Sat, Apr 12, 2014 - Page 5 News List

Campaign rally remarks on rape anger Indian women

AFP, NEW DELHI

The mother of a student who was fatally gang raped on a bus led the outrage yesterday against an Indian political leader who described three convicted multiple rapists as “poor fellows” who had made “mistakes.”

During a rally in the state of Uttar Pradesh on Thursday, Mulayam Singh Yadav said his Samajwadi Party would try to change the law on punishments for rapists after India’s ongoing elections as he spoke out in defense of three men who have been sentenced to death for repeat sexual assaults.

“Three poor fellows have been sentenced to death. Should rape cases lead to hanging?” said the 74-year-old Yadav, whose party governs the electorally crucial state.

“They are boys, they make mistakes,” he added in reference to the three who were sentenced to death by a court in Mumbai last week after they were convicted of taking part in two gang rapes at the same place.

They were the first death sentences to be handed down for multiple sex attacks since the law was toughened in the wake of the outrage over the December 2012 attack on a bus in New Delhi.

The mother of the 23-year-old New Dehli victim called Yadav a “disgusting and shameless” politician and urged voters to reject leaders who “don’t understand the torture women go through.”

“His comments hurt us so much,” said the mother, who cannot be named for legal reasons.

“Every day women get raped and they are all mistakes? He talks about doing away with the death sentence for rapists but parents like us feel even death is not enough for rapists. They deserve worse,” she said.

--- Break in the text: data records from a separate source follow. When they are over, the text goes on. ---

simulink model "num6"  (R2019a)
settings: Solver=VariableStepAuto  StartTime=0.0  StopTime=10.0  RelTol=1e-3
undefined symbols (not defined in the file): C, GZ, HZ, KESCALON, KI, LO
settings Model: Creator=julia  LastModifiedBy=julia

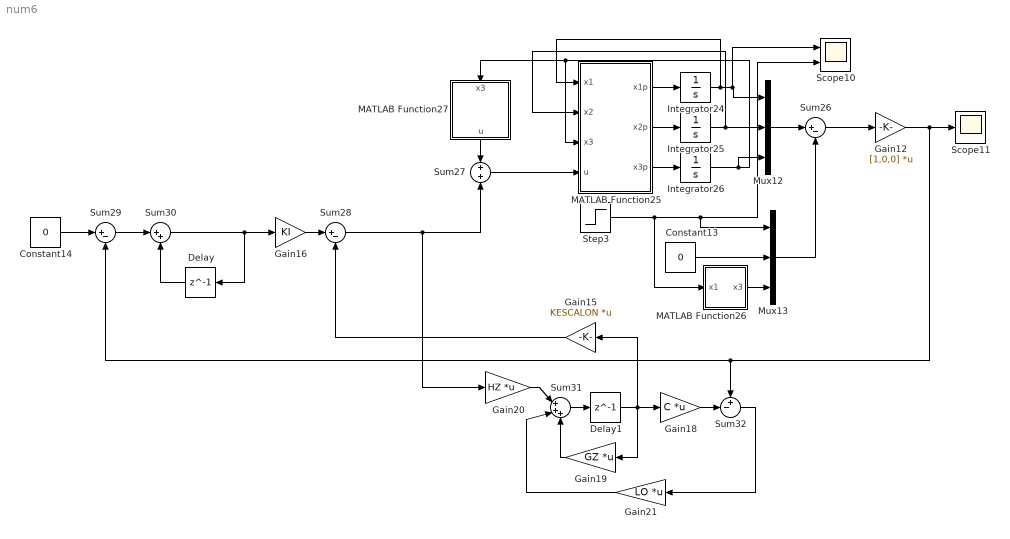
== system num6 ==
  Constant13 : Constant  Value=0
  Constant14 : Constant  Value=0
  Delay : Delay  DelayLength=1  SampleTime=0.05
  Delay1 : Delay  DelayLength=1  SampleTime=0.05
  Gain12 : Gain  Gain=[1,0,0]  Multiplication=Matrix(K*u)
  Gain15 : Gain  Gain=KESCALON  Multiplication=Matrix(K*u)
  Gain16 : Gain  Gain=KI
  Gain18 : Gain  Gain=C  Multiplication=Matrix(K*u)
  Gain19 : Gain  Gain=GZ  Multiplication=Matrix(K*u)
  Gain20 : Gain  Gain=HZ  Multiplication=Matrix(K*u)
  Gain21 : Gain  Gain=LO  Multiplication=Matrix(K*u)
  Integrator24 : Integrator  InitialCondition=5e-3
  Integrator25 : Integrator
  Integrator26 : Integrator
  MATLAB Function25 : MATLAB Function  TreatAsAtomicUnit=on
  MATLAB Function26 : MATLAB Function  TreatAsAtomicUnit=on
  MATLAB Function27 : MATLAB Function  TreatAsAtomicUnit=on
  Mux12 : Mux  Inputs=3
  Mux13 : Mux  Inputs=3
  Scope10 : Scope  NumInputPorts=2
  Scope11 : Scope
  Step3 : Step  Time=0  Before=5e-3  After=10e-3  SampleTime=0
  Sum26 : Sum  Inputs=|+-
  Sum27 : Sum  Inputs=+|+
  Sum28 : Sum  Inputs=|+-
  Sum29 : Sum  Inputs=|+-
  Sum30 : Sum  Inputs=|++
  Sum31 : Sum  Inputs=|+++
  Sum32 : Sum  Inputs=+-|
  wires:
  Sum26/1 -> Gain12/1
  Gain15/1 -> Sum28/2
  Constant14/1 -> Sum29/1
  Gain12/1 -> Sum29/2, Sum32/1, Scope11/1
  Gain16/1 -> Sum28/1
  MATLAB Function27/1(u) -> Sum27/1
  Sum27/1 -> MATLAB Function25/4(u)
  Mux13/1 -> Sum26/2
  MATLAB Function26/1(x3) -> Mux13/3
  Step3/1 -> Mux13/1, Scope10/2, MATLAB Function26/1(x1)
  Constant13/1 -> Mux13/2
  Mux12/1 -> Sum26/1
  Integrator26/1 -> Mux12/3, MATLAB Function25/3(x3), MATLAB Function27/1(x3)
  Integrator25/1 -> Mux12/2, MATLAB Function25/2(x2)
  Integrator24/1 -> Mux12/1, Scope10/1, MATLAB Function25/1(x1)
  MATLAB Function25/3(x3p) -> Integrator26/1
  MATLAB Function25/2(x2p) -> Integrator25/1
  MATLAB Function25/1(x1p) -> Integrator24/1
  Sum30/1 -> Gain16/1, Delay/1
  Delay/1 -> Sum30/2
  Sum29/1 -> Sum30/1
  Sum32/1 -> Gain21/1
  Delay1/1 -> Gain19/1, Gain18/1, Gain15/1
  Gain19/1 -> Sum31/3
  Sum31/1 -> Delay1/1
  Gain18/1 -> Sum32/2
  Gain20/1 -> Sum31/1
  Gain21/1 -> Sum31/2
  Sum28/1 -> Sum27/2, Gain20/1

== matlab function num6/MATLAB Function25 ==
  data: x1 input size=1; x1p output size=1; x2 input size=1; x3 input size=1; x2p output size=1; x3p output size=1; u input size=1
function [x1p,x2p,x3p] = planta(x1,x2,x3,u)
c=0.1;
m=0.01;
L=100e-3;
r=10;
g=9.81;

x1p=x2;
x2p=g-(c/m)*((x3^2)/x1);
x3p=-(r/L)*x3+(1/L)*u;

== matlab function num6/MATLAB Function26 ==
  data: x1 input size=1; x3 output size=1
function x3  = fcn(x1)
c=1
m=0.1
L=0.01
r=1
g=9.81

x3=sqrt((m*g*x1)/c);

== matlab function num6/MATLAB Function27 ==
  data: x3 input size=1; u output size=1
function u  = u(x3)
c=1
m=0.1
L=0.01
r=1
g=9.81

u=r*x3;

Yadav’s remarks sparked a backlash on social media where #backingrapists and “Mulayam Singh” were top topics on Twitter.

That anger was fueled by rambling comments from the party’s leader in the state of Maharashtra who appeared to call for rape victims to be hanged along with their attackers on the grounds that they had extramarital sex.

Although the party’s power is largely limited to Uttar Pradesh, its strength in the nation’s most populous state could mean it has a king-making role in coalition negotiations after the general elections wrap up next month.

Voters in the nation’s capital went to the polls on Thursday, with New Dehli a key battleground for an anti-corruption party which shot to fame last year.

Ballots were also cast in densely populated rural constituencies in northern India where the Hindu nationalist Bharatiya Janata Party (BJP) — seen as the frontrunner — is expected to poll strongly.

However, Thursday was of particular importance for the 18-month-old anti-corruption Aam Aadmi Party (AAP), which triumphed in the Delhi state election in December last year and is now contesting more than 400 parliamentary seats nationally.

The party has struggled to shake the “quitter” tag following the dramatic resignation of party chief Arvind Kejriwal just 49 days after he came to office as New Dehli’s chief minister.

“We need stability. So I won’t waste my vote on him,” Jitender Singh, a 38-year-old rickshaw driver in a purple turban, said on Thursday in the old part of the city. “For now it is Modi, Modi, Modi for me. For the country actually.”

He was referring to BJP prime ministerial candidate, Gujarat Chief Minister Narendra Modi, a hardline Hindu nationalist tipped to become prime minister.

His alleged links to anti-Muslim riots in his home state of Gujarat and his uncompromising public statements make him a polarizing figure, particularly for religious minorities, but many voters have been swayed by his promises of economic development, strong leadership and clean government.